Pour le dire en peu de mots, l’ouvrage
que nous avons tenté de résumer, parvient réellement à nous rendre présents à
cette pensée du paysage à laquelle il nous invite, par la richesse de ses
références aux poètes, peintres et penseurs chinois, par sa pédagogie aussi,
dans la manière dont il construit, par retranchement, par nuances successives,
par précisions fines et parlantes, les concepts qui la rendent possible. Mieux,
il suscitera de nombreux questionnements. Les dialogues avec la philosophie
occidentale pourraient ainsi être repris à nouveaux frais.
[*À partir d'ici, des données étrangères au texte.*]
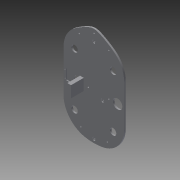
# Autodesk Inventor part: body
Saved by Autodesk Inventor 2014 (Build 180170000, 170)
## iProperties
Created: 2015-05-23
Part Number: body
Material: 一般
Document SubType Name: Modeling
Designer: Hideyuki Takei
Density: 1 g/cm^3
Appearance: 既定
d0: 115.000 mm
d1: 130.000 mm
d2: 65.000 mm
d3: 57.500 mm
d4: 3.000 mm
d5: 0.00 deg
d6: 12.200 mm
d7: 12.200 mm
d8: 12.200 mm
d9: 12.200 mm
d10: 21.000 mm
d11: 21.000 mm
d12: 15.000 mm
d13: 15.000 mm
d14: 15.000 mm
d15: 15.000 mm
d16: 21.000 mm
d17: 21.000 mm
d31: 3.000 mm
d32: 0.00 deg
d35: 0.000 mm
d36: 30.000 mm
d37: 17.000 mm
d38: 3.000 mm
d39: 0.00 deg
d40: 19.600 mm
d41: 15.700 mm
d42: 9.800 mm
d43: 7.000 mm
d44: 1.500 mm
d45: 0.00 deg
d46: 5.000 mm
d47: 1.000 mm
d48: 24.900 mm
d49: 24.900 mm
d50: 7.200 mm
d51: 7.200 mm
d53: 0.00 deg
d54: 2.100 mm
d55: 2.100 mm
d56: 3.600 mm
d57: 3.600 mm
d58: 2.000 mm
d59: 0.00 deg
d60: 19.600 mm
d61: 9.800 mm
d62: 2.000 mm
d63: 8.900 mm
d70: 5.050 mm
d71: 5.050 mm
d72: 5.050 mm
d73: 5.050 mm
d74: 22.200 mm
d75: 0.00 deg
d76: 10.100 mm
d77: 10.100 mm
d78: 22.200 mm
d79: 0.00 deg
d88: 1.000 mm
d89: 1.000 mm
d90: 7.050 mm
d91: 7.050 mm
d92: 2.000 mm
d93: 0.00 deg
d94: 30.000 mm
d95: 15.000 mm
d96: 15.000 mm
d97: 15.000 mm
d98: 15.000 mm
d99: 57.500 mm
d100: 3.000 mm
d101: 0.00 deg
d102: 0.000 mm
d103: 50.000 mm
d104: 11.000 mm
d105: 11.000 mm
d106: 25.000 mm
d107: 25.000 mm
d108: 33.000 mm
d109: 33.000 mm
d110: 38.000 mm
d111: 10.000 mm
d112: 10.000 mm
d113: 30.000 mm
d114: 30.000 mm
d115: 45.000 mm
d116: 45.000 mm
d117: 57.500 mm
d118: 3.000 mm
d119: 0.00 deg
d120: 50.000 mm
d123: 18.000 mm
d124: 0.000 mm
d125: 45.000 mm
d126: 3.000 mm
d127: 0.00 deg
d130: 5.000 mm
d131: 0.000 mm
d132: 8.660 mm
d133: 9.600 mm
d134: 0.00 deg
d135: 5.000 mm
d136: 0.000 mm
d137: 8.660 mm
d146: 0.000 mm
d147: 0.000 mm
d148: 27.273 mm
d149: 47.727 mm
d151: 5.000 mm
d152: 0.000 mm
d153: 0.000 mm
d154: 27.273 mm
d155: 27.273 mm
d156: 47.727 mm
d157: 5.000 mm
d158: 3.200 mm
d159: 79.800 mm
d160: 79.800 mm
d161: 3.200 mm
d162: 10.000 mm
d163: 0.00 deg
d164: 16.000 mm
d165: 9.000 mm
d166: 3.200 mm
d167: 5.600 mm
d169: 5.600 mm
d171: 5.600 mm
d173: 2.000 mm
d174: 0.00 deg
Author: Hideyuki Takei
Autodesk Inventor part; units mm, degrees
ref_plane "YZ Plane" through (0, 0, 0) normal (1, 0, 0) x (0, 1, 0)
ref_plane "XZ Plane" through (0, 0, 0) normal (0, 1, 0) x (-1, 0, 0)
ref_plane "XY Plane" through (0, 0, 0) normal (0, 0, 1) x (1, 0, 0)
sketch "スケッチ1" plane through (0, 0, 0) normal (0, 1, 0) x (-1, 0, 0)
  line L0 (-57.5, 65) -> (57.5, 65)
  line L1 (57.5, 65) -> (57.5, -65)
  line L2 (57.5, -65) -> (-57.5, -65)
  line L3 (-57.5, -65) -> (-57.5, 65)
  point P0 (0, 0)
  dimension "d0" = 115
  dimension "d1" = 130
  dimension "d2" = 65
  dimension "d3" = 57.5
  constraints: 8 end point, 2 parallel, 1 horizontal, 1 perpendicular
  measures "d0" distance of L0.start L0.end
  measures "d1" distance of L2.end L0.start
  measures "d2" distance from line of L0 point (0, 0)
  measures "d3" distance from line of point (0, 0) L3
extrude "押し出し1" add sketch "スケッチ1" along normal blind 3
sketch "スケッチ2" plane through (0, 3, 0) normal (0, 1, 0) x (1, 0, 0)
  line L0 (-57.5, -65) -> (57.5, -65) projected
  line L1 (57.5, -65) -> (57.5, 65) projected
  line L2 (57.5, 65) -> (-57.5, 65) projected
  line L3 (-57.5, 65) -> (-57.5, -65) projected
  circle A0 centre (-36.5, -50) radius 6.1
  circle A1 centre (36.5, -50) radius 6.1
  circle A2 centre (36.5, 50) radius 6.1
  circle A3 centre (-36.5, 50) radius 6.1
  dimension "d6" = 12.2
  dimension "d7" = 12.2
  dimension "d8" = 12.2
  dimension "d9" = 12.2
  dimension "d10" = 21
  dimension "d11" = 21
  dimension "d12" = 15
  dimension "d13" = 15
  dimension "d14" = 15
  dimension "d15" = 15
  dimension "d16" = 21
  dimension "d17" = 21
  constraints: 4 centre point
  measures "d6" diameter of A3
  measures "d7" diameter of A2
  measures "d8" diameter of A1
  measures "d9" diameter of A0
  measures "d10" distance from line of A0.centre L3
  measures "d11" distance from line of L1 A1.centre
  measures "d12" distance from line of L0 A0.centre
  measures "d13" distance from line of L0 A1.centre
  measures "d14" distance from line of L2 A2.centre
  measures "d15" distance from line of L2 A3.centre
  measures "d16" distance from line of L3 A3.centre
  measures "d17" distance from line of L1 A2.centre
extrude "押し出し4" cut sketch "スケッチ2" against normal blind 3 contours A0 | A1 | A2 | A3
sketch "スケッチ4" plane through (0, 0, 0) normal (0, 1, 0) x (-1, 0, 0)
  circle A0 centre (30, 0) radius 8.5
  point P0 (0, 0)
  dimension "d35" = 0
  dimension "d36" = 30
  dimension "d37" = 17
  constraints: 1 centre point
  measures "d35" vertical distance of A0.centre point (0, 0)
  measures "d36" distance of point (0, 0) A0.centre
  measures "d37" diameter of A0
extrude "押し出し5" cut sketch "スケッチ4" along normal blind 3
sketch "スケッチ7" plane through (0, 0, 0) normal (0, 1, 0) x (-1, 0, 0)
  line L0 (52.7, 9.8) -> (37, 9.8)
  line L1 (37, 9.8) -> (37, -9.8)
  line L2 (37, -9.8) -> (52.7, -9.8)
  line L3 (52.7, -9.8) -> (52.7, 9.8)
  circle A0 centre (30, 0) radius 8.5 projected
  point P0 (0, 0)
  dimension "d40" = 19.6
  dimension "d41" = 15.7
  dimension "d42" = 9.8
  dimension "d43" = 7
  constraints: 8 end point, 2 parallel, 1 horizontal, 1 perpendicular
  measures "d40" distance of L2.end L0.start
  measures "d41" distance of L0.start L0.end
  measures "d42" distance from line of point (0, 0) L0
  measures "d43" distance from line of A0.centre L1
extrude "押し出し6" cut sketch "スケッチ7" along normal blind 1.5 contours L3 L2 L1 A0 L0 | A0 L1 picked at (37.274, 1.1089)
fillet "フィレット1" radius 5 2 edges at (-37, 0.75, -9.8) (-37, 0.75, 9.8)
fillet "フィレット1" radius 1 2 edges at (-52.7, 0.75, -9.8) (-52.7, 0.75, 9.8)
sketch "スケッチ8" plane through (0, 0, 0) normal (0, 1, 0) x (-1, 0, 0)
  arc A0 (37, 4.8218) -> (37, -4.8218) centre (30, 0) ccw projected
  arc A1 (52.7, 8.8) -> (51.7, 9.8) centre (51.7, 8.8) ccw projected
  line L0 (52.7, -8.8) -> (52.7, 8.8) projected
  arc A2 (51.7, -9.8) -> (52.7, -8.8) centre (51.7, -8.8) ccw projected
  line L1 (42, -9.8) -> (51.7, -9.8) projected
  arc A3 (37, -4.8218) -> (42, -9.8) centre (42, -4.8) ccw projected
  arc A4 (37, -4.8218) -> (37, 4.8218) centre (30, 0) ccw projected
  arc A5 (42, 9.8) -> (37, 4.8218) centre (42, 4.8) ccw projected
  line L2 (51.7, 9.8) -> (42, 9.8) projected
  circle A6 centre (54.9, 7.2) radius 1.05
  circle A7 centre (54.9, -7.2) radius 1.05
  point P0 (0, 0)
  dimension "d48" = 24.9
  dimension "d49" = 24.9
  dimension "d50" = 7.2
  dimension "d51" = 7.2
  dimension "d54" = 2.1
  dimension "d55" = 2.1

Il ne serait pas
sans intérêt de relire certains néoplatoniciens (Damascius par exemple, Des premiers principes, où l’on peut
voir non seulement une pensée qui n’est pas une ontologie mais une hénologie,
laquelle ne cesse de questionner ce qui est au-delà de l’Être, en-deçà de la
matière, qui s’interroge sur les conditions de possibilité d’un discours, d’un
logos, bref, qui s’interroge aussi sur un « impensé de la raison » et
qui a su, l’a-t-on oublié, emprunter un autre chemin que celui de l’ontologie
et des essences ?), de confronter la pensée chinoise à certaines pages de
Bergson. Il serait aussi intéressant de s’interroger plus avant sur le paysage
anglais. Celui-ci, influencé par le jardin chinois à partir des années 1740,
n’a sans doute pas suffisamment compris ce qui fait le fond de la pensée
paysagère chinoise. Il s’imposera d’ailleurs davantage par opposition au jardin
à la française, symbole d’une maîtrise de la nature et d’un pouvoir politique
omnipotent. Reste que, s’il peut parfois (à tort) être réduit au pittoresque ou
à une manière de compenser la présence d’un monde réduit à l’utile, il n’en
offre pas moins à sa manière une possibilité de rencontre nous permettant de
nous retirer des distinctions conceptuelles, de vivre aussi plus pleinement
notre rapport à la nature que ne le rendent possible les modes de vie modernes
ainsi que les structures urbaines ou touristiques qui les accompagnent. En ce
sens, il propose une expérience spécifique qui marque justement cette
difficulté européenne à laisser vivre cet impensé en s’affranchissant de ses
barrières culturelles (à ce titre, les anglais ont peut-être moins mal compris
le jardin chinois que ne le feront à leur tour les français). Mais c’est
justement le mérite de ce livre que d’ouvrir une réflexion nouvelle, de nous
questionner sur nos propre schémas conceptuels, et nul doute que par-delà
l’intérêt localisé pour les questions paysagères, la pensée occidentale puisse
gagner à s’emparer de cette question. S’il s’agit ici de paysage, disons-le
pour finir, c’est dire qu’il est en même temps question du vivre.